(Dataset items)
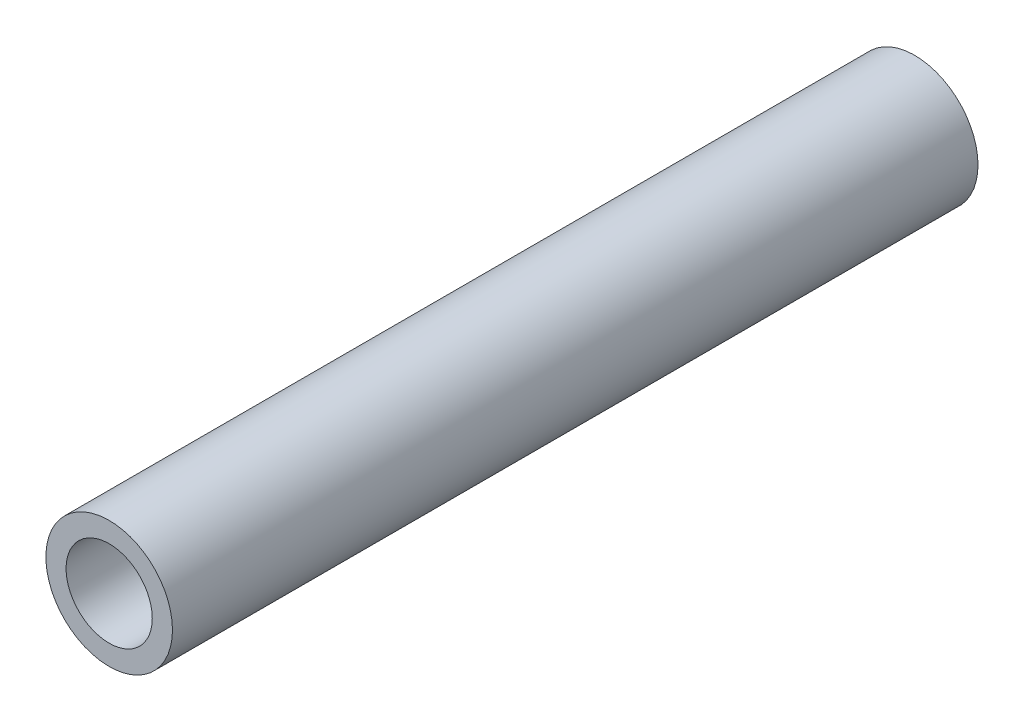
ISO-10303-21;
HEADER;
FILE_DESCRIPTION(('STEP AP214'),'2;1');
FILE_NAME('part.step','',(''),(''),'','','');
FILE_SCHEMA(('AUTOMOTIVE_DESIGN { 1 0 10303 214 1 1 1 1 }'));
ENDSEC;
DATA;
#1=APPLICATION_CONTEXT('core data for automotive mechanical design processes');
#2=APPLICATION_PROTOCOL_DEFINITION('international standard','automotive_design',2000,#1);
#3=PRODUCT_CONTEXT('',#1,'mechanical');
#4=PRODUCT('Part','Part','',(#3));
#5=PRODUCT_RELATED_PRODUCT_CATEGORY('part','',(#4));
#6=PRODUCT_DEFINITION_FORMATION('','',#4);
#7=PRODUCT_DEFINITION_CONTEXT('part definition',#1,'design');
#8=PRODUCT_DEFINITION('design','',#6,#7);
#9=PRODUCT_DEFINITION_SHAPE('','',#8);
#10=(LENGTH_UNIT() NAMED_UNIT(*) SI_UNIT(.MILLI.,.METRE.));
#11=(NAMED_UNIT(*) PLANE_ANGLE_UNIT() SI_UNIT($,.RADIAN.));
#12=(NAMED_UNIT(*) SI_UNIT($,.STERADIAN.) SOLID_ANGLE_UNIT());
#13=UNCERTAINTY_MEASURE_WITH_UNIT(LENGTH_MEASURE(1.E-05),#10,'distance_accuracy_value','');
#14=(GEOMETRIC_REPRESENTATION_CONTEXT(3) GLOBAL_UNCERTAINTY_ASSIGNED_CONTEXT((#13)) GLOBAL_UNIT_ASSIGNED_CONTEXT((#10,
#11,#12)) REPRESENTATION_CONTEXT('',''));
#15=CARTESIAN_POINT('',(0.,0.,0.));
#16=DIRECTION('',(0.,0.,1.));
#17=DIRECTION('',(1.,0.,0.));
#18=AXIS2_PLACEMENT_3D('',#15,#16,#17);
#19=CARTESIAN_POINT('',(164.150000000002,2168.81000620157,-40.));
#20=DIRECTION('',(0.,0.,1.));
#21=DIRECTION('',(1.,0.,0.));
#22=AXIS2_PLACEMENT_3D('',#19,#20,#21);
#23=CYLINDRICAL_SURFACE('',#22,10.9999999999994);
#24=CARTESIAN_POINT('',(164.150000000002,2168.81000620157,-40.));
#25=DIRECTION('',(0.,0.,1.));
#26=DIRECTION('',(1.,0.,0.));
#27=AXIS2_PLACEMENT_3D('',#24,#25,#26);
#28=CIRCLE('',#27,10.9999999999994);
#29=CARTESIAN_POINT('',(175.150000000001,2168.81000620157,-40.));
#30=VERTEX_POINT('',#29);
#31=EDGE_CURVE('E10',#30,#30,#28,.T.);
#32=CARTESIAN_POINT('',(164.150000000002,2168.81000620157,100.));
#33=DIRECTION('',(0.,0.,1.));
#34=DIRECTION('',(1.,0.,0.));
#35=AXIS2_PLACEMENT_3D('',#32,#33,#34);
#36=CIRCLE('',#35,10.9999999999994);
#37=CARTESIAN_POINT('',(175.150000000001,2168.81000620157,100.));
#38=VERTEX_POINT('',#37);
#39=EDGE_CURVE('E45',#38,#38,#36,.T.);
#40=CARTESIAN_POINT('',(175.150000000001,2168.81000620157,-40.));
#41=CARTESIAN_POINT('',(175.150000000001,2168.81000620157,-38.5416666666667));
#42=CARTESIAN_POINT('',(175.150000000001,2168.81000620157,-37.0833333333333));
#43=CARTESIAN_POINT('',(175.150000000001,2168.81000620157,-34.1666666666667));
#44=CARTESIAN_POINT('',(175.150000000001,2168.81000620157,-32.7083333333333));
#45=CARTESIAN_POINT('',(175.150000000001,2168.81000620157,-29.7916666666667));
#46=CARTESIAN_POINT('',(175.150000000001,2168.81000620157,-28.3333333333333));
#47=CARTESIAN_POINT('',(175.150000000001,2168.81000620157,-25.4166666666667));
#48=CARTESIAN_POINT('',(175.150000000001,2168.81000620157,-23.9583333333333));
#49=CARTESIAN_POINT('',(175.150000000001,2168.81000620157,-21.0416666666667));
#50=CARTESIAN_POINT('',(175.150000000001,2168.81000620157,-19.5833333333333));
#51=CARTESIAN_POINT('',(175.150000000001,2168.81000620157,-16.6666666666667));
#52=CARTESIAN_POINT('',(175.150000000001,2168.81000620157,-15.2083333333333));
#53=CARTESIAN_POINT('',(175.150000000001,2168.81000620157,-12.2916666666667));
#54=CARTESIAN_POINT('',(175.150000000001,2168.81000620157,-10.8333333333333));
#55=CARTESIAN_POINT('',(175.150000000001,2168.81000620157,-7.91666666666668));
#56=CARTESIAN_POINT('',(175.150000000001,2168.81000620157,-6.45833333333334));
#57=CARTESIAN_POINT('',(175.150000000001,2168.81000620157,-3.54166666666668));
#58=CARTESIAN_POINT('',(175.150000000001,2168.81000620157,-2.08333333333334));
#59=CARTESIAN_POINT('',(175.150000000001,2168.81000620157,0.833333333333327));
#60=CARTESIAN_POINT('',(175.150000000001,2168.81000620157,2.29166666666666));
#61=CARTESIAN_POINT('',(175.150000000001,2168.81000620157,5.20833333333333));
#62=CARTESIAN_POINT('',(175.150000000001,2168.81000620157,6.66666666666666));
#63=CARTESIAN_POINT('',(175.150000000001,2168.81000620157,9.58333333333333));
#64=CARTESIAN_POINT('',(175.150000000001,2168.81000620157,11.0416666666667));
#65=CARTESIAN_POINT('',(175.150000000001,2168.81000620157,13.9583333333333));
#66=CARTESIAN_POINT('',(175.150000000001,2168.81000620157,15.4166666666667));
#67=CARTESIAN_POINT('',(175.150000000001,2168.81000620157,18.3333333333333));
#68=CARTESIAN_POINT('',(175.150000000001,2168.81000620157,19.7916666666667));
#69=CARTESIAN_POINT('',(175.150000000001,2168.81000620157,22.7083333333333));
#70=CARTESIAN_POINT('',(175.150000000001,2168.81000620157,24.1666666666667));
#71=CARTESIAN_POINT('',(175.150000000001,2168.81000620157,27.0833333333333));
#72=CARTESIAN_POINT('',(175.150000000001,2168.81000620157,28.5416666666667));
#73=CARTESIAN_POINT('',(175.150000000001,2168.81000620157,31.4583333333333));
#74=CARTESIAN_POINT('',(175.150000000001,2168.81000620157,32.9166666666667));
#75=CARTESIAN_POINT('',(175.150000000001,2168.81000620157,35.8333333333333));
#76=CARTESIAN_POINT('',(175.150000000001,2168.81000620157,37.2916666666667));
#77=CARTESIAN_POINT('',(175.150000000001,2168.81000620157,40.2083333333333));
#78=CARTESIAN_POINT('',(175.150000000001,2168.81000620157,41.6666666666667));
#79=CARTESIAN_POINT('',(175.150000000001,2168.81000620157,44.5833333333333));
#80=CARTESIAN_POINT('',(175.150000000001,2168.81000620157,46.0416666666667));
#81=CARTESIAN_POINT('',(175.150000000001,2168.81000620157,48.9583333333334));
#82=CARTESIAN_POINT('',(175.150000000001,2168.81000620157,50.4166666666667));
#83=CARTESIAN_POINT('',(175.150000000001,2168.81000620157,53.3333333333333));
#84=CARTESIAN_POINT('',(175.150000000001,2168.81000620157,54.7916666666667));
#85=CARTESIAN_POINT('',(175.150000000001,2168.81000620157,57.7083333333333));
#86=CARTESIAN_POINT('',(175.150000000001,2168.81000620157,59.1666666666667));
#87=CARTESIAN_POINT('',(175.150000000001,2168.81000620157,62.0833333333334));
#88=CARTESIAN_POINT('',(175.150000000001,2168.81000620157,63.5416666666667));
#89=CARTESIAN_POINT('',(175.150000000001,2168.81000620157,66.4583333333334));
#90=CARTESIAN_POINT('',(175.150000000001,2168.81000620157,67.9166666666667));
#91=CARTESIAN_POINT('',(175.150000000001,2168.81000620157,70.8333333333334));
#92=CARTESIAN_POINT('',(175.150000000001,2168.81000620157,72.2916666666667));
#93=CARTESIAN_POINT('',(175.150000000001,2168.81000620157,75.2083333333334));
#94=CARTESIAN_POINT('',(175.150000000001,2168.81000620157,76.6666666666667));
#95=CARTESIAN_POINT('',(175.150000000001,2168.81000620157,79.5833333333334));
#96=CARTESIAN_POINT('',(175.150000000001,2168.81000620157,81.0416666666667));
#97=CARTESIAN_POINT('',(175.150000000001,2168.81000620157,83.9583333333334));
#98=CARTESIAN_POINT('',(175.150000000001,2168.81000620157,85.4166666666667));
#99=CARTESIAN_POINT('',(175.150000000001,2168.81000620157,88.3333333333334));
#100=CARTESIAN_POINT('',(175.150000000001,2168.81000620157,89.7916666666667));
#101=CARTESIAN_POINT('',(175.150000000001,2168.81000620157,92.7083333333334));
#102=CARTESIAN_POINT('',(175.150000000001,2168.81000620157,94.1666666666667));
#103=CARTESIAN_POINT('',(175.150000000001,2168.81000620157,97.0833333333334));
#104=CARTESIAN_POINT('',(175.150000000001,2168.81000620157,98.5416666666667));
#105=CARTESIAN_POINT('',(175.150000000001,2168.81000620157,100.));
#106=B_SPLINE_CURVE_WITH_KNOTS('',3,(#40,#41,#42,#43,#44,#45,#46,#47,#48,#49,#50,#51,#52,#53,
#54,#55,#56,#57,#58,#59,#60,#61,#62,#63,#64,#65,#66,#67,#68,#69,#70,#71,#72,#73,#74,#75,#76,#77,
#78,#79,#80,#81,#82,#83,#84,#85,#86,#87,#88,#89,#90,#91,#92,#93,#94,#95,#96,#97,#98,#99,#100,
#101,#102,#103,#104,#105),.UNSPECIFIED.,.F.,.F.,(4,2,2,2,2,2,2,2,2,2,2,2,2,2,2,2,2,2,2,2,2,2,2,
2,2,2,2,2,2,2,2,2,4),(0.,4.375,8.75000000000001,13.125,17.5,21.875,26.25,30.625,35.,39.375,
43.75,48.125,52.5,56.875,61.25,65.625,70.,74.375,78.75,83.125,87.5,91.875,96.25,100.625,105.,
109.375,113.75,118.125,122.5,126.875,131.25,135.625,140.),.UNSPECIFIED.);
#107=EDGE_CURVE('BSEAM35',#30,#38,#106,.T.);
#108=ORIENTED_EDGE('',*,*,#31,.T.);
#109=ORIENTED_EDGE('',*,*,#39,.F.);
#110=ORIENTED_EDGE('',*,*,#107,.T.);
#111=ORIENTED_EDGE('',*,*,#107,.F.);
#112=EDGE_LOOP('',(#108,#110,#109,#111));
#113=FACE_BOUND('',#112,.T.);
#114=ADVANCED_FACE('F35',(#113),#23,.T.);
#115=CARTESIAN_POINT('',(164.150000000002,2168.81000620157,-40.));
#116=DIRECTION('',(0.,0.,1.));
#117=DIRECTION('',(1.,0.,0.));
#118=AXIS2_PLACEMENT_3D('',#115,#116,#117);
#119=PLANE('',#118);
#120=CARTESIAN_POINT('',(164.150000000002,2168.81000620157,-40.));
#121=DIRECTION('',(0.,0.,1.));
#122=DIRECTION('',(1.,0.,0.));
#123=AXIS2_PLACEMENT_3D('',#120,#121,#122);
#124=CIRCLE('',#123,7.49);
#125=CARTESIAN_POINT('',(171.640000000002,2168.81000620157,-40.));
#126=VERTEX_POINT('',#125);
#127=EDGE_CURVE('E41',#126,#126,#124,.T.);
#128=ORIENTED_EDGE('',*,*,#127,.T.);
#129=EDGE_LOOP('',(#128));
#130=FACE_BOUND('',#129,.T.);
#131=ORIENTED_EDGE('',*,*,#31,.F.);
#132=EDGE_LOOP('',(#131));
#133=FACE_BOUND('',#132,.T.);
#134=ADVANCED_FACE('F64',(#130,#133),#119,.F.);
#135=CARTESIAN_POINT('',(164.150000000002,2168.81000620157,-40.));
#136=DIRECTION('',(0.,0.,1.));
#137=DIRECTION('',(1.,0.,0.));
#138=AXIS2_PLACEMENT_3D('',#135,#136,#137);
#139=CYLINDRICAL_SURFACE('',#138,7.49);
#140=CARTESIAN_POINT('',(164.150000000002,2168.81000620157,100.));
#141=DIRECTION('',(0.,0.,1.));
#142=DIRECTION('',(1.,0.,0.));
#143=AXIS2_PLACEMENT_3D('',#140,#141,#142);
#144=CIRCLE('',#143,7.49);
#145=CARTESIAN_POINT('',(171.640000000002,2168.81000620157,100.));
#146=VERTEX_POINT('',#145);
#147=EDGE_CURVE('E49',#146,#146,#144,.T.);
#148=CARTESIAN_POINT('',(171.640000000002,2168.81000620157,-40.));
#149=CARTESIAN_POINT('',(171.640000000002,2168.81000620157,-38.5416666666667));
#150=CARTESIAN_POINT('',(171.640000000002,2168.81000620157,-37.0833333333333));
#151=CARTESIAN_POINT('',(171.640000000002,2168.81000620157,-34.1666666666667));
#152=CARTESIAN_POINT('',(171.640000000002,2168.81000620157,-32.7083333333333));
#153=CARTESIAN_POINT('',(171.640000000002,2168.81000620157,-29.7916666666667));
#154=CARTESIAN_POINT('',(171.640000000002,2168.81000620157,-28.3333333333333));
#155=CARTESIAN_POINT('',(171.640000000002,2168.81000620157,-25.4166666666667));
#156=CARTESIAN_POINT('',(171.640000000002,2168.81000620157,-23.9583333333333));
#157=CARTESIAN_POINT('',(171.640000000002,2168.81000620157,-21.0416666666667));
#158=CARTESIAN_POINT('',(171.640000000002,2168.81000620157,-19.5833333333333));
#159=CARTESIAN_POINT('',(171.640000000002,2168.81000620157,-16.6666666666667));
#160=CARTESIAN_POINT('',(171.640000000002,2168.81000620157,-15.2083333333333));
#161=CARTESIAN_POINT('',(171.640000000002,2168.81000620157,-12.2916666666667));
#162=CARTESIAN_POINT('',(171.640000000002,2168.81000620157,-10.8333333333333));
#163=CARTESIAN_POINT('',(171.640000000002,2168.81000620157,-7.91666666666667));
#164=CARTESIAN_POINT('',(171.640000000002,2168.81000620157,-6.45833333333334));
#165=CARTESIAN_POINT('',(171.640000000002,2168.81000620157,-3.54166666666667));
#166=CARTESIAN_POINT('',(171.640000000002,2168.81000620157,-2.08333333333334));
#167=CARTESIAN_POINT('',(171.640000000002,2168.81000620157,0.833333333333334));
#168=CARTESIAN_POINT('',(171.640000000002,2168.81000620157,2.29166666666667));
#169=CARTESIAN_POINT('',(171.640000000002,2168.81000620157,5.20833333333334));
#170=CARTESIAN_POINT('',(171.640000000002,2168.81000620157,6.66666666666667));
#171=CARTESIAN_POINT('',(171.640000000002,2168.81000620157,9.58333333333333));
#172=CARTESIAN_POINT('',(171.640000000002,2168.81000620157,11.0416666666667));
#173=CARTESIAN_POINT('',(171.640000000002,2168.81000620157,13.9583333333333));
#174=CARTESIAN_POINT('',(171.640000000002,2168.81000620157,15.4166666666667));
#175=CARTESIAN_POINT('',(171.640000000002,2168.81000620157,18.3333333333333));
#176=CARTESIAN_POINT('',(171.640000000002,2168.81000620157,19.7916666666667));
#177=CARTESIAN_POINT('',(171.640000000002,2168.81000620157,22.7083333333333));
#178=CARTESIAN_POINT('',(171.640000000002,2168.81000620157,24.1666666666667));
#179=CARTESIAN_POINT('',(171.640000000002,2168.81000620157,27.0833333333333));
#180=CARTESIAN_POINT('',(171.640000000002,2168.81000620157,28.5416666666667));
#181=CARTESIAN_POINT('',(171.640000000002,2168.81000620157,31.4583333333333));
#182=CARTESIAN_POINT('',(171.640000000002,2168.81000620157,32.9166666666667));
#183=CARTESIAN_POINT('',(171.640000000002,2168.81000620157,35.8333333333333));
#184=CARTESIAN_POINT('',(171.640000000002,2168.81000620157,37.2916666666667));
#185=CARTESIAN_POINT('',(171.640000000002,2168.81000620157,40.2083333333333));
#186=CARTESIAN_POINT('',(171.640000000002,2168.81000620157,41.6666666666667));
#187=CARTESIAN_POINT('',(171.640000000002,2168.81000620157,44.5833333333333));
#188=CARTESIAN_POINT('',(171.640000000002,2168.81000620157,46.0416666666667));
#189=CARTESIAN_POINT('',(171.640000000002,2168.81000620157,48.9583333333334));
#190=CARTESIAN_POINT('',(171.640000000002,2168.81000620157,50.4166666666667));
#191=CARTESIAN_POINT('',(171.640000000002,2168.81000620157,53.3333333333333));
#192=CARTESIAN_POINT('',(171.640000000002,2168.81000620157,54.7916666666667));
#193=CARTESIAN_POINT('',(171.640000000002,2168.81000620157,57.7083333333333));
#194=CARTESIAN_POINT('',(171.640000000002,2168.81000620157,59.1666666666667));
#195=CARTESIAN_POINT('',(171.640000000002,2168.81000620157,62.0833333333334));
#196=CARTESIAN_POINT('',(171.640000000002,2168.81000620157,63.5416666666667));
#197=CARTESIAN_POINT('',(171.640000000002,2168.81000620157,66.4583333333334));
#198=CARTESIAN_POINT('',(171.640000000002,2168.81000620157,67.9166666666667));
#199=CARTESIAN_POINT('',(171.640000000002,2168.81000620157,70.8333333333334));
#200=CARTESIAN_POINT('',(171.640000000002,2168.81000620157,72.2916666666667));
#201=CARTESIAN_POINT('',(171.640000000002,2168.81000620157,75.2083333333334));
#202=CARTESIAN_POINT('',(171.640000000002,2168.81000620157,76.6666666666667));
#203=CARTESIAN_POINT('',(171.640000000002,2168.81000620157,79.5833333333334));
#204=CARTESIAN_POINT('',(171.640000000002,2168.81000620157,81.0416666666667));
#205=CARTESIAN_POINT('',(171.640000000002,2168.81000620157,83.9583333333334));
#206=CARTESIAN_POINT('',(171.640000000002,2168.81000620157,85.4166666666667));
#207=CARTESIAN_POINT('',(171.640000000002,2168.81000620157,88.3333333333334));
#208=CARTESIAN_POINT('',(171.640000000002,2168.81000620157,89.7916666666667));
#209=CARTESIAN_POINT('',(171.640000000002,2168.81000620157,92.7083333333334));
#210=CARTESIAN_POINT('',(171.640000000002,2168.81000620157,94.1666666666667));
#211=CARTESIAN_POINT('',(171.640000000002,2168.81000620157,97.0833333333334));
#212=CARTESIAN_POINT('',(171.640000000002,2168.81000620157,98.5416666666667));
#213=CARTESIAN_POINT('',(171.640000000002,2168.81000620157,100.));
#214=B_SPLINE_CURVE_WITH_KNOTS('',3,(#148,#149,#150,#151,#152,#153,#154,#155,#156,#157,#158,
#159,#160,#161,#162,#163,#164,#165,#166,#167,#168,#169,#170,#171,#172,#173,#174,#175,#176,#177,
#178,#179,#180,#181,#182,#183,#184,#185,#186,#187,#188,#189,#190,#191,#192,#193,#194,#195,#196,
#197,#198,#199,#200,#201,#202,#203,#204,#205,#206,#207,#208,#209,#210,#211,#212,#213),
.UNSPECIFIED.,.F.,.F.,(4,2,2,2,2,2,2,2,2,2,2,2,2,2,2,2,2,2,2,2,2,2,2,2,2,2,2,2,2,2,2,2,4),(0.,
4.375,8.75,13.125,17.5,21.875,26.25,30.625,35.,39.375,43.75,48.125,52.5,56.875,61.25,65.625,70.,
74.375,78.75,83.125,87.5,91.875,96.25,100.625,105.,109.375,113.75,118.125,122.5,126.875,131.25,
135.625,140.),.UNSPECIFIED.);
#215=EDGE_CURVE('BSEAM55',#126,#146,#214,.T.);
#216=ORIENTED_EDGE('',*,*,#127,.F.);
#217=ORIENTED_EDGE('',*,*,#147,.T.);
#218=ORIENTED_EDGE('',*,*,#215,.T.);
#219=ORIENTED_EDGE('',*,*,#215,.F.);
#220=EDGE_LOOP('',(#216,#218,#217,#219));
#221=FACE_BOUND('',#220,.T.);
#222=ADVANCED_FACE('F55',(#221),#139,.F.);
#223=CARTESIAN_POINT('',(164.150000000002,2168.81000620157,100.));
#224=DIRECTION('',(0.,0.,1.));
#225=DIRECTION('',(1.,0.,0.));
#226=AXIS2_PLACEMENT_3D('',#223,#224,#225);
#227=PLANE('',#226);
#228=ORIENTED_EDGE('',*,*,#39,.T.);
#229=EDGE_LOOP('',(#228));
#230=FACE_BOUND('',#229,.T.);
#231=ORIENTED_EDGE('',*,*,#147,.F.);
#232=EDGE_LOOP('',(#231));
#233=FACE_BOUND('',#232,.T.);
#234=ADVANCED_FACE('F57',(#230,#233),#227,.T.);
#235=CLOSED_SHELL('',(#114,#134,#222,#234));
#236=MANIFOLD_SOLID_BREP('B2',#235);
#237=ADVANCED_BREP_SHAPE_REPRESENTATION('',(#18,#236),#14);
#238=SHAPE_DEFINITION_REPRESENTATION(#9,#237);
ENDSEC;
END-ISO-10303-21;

> _ASSIGNED TASK_: Which lines above carry the string "CIRCLE"? Copy those lines.

> _SOLUTION_:
#28=CIRCLE('',#27,10.9999999999994);
#36=CIRCLE('',#35,10.9999999999994);
#124=CIRCLE('',#123,7.49);
#144=CIRCLE('',#143,7.49);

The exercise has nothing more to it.